▼
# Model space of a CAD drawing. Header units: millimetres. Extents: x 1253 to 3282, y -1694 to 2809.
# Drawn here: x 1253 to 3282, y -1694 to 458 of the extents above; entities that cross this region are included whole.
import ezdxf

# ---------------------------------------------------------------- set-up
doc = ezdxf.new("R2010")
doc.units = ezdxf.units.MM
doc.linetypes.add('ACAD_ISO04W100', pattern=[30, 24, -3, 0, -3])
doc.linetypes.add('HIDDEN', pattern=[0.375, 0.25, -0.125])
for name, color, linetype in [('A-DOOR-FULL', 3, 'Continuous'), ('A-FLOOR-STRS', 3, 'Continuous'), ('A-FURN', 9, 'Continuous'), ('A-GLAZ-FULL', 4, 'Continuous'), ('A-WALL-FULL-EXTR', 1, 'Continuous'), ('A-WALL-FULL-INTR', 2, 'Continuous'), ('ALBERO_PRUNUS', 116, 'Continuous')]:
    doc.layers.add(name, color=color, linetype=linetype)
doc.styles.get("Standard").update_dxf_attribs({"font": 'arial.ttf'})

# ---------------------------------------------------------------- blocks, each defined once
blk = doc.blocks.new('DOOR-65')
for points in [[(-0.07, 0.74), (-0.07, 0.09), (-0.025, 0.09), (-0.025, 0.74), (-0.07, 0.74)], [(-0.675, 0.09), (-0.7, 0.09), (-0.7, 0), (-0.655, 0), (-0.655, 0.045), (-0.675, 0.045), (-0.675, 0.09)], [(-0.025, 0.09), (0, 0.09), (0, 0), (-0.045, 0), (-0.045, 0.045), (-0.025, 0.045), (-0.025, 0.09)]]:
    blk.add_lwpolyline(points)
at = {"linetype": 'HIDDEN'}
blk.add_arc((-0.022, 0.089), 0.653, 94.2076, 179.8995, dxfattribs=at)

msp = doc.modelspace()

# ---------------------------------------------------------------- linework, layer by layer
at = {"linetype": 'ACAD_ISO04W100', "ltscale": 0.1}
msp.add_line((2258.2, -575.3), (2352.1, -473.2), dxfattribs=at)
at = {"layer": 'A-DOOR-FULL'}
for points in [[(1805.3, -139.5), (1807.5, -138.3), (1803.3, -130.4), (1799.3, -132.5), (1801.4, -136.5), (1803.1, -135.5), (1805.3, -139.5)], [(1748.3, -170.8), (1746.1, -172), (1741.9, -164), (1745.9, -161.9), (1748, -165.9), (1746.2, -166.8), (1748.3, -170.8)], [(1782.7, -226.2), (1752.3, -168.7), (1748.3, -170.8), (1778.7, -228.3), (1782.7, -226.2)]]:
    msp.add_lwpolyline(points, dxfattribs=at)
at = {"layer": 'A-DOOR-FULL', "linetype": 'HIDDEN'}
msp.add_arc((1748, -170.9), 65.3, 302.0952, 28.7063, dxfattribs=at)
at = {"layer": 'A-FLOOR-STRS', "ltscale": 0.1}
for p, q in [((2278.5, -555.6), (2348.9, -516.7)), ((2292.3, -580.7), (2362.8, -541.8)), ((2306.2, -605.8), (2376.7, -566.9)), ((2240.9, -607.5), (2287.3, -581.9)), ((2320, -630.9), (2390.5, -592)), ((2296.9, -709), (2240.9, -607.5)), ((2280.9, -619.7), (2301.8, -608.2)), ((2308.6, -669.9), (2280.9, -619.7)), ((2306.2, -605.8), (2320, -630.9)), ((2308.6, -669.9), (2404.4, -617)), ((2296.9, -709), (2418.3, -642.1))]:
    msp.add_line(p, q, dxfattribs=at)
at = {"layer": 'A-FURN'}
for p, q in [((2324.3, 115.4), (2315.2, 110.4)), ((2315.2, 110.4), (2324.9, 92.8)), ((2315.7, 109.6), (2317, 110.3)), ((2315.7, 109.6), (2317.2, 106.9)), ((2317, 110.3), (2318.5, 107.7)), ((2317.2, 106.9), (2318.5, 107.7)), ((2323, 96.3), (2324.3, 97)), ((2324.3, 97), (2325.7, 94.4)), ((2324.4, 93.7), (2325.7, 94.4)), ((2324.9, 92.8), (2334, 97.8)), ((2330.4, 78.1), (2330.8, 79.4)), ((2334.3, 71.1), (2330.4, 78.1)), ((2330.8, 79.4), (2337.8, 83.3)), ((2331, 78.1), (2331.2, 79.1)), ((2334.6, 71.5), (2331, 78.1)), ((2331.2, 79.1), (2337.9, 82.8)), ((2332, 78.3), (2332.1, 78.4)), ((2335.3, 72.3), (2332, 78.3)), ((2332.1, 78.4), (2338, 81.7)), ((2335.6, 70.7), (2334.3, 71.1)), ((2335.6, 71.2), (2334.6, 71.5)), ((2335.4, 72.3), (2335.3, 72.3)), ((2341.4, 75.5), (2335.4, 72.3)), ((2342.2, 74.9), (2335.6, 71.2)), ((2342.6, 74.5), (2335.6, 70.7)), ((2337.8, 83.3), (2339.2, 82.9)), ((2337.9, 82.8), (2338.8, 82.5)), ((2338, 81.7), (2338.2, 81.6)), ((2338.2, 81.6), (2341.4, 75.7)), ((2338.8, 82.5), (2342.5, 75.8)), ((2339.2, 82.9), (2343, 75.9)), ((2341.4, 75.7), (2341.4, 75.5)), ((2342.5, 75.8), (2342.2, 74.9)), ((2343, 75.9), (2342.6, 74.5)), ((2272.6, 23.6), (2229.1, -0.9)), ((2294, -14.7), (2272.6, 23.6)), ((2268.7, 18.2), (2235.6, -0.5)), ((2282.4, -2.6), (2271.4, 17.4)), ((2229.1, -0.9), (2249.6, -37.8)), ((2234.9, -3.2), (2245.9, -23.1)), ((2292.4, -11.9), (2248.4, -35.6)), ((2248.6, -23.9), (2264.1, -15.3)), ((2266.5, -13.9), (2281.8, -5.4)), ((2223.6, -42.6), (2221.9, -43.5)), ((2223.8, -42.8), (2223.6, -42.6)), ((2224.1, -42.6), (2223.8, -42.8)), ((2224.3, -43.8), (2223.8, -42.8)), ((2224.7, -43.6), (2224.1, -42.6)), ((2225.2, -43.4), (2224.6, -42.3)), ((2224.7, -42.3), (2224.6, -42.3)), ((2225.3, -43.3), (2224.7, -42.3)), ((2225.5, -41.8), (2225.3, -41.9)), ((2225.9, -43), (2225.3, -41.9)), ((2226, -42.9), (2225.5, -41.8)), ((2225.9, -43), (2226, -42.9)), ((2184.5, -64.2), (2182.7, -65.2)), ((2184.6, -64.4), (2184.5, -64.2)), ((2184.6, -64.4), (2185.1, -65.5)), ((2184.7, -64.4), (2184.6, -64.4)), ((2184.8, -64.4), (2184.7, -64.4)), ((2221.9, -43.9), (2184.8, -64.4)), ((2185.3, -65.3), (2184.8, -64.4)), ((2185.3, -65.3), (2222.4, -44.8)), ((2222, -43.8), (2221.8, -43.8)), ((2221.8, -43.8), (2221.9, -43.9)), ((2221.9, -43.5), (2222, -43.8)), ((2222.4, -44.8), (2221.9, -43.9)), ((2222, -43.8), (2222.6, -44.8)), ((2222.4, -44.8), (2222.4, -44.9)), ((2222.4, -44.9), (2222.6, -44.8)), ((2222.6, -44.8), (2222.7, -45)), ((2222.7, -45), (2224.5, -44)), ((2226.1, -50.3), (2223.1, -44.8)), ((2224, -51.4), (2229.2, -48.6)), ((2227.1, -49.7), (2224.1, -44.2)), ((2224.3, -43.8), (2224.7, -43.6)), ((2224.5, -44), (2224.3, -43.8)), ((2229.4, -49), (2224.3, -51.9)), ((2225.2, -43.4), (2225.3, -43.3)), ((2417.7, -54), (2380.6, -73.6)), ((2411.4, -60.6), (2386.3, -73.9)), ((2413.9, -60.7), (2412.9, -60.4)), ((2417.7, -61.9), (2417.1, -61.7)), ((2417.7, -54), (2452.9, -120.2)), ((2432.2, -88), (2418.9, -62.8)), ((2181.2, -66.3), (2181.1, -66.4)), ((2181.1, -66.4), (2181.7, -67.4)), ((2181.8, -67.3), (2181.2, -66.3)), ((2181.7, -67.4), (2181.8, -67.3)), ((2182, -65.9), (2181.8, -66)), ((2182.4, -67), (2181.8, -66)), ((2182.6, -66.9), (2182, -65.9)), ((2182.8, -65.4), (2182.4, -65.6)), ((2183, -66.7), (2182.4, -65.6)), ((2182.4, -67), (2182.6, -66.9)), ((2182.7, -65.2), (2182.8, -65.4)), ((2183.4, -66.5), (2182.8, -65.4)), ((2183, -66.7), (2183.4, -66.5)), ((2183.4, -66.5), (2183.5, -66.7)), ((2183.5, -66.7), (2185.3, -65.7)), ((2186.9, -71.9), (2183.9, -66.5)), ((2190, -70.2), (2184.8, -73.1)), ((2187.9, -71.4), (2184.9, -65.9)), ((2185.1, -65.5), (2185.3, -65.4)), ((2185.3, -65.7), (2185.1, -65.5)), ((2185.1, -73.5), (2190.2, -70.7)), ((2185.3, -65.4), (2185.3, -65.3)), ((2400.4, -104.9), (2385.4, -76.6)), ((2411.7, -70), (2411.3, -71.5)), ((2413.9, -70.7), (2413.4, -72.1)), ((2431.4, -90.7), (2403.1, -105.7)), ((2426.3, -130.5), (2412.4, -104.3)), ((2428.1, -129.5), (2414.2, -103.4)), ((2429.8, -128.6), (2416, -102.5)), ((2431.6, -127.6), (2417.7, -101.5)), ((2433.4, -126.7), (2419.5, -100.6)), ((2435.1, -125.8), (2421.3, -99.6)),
▲
§ **TASK TO CARRY OUT**
Give back the opening line of the records above and every line after it, up to and including the one with "doc.linetypes.add('HIDDEN', pattern=[0.375, 0.25, -0.125])", unchanged.

§ **EXERCISE SOLUTION**
# Model space of a CAD drawing. Header units: millimetres. Extents: x 1253 to 3282, y -1694 to 2809.
# Drawn here: x 1253 to 3282, y -1694 to 458 of the extents above; entities that cross this region are included whole.
import ezdxf

# ---------------------------------------------------------------- set-up
doc = ezdxf.new("R2010")
doc.units = ezdxf.units.MM
doc.linetypes.add('ACAD_ISO04W100', pattern=[30, 24, -3, 0, -3])
doc.linetypes.add('HIDDEN', pattern=[0.375, 0.25, -0.125])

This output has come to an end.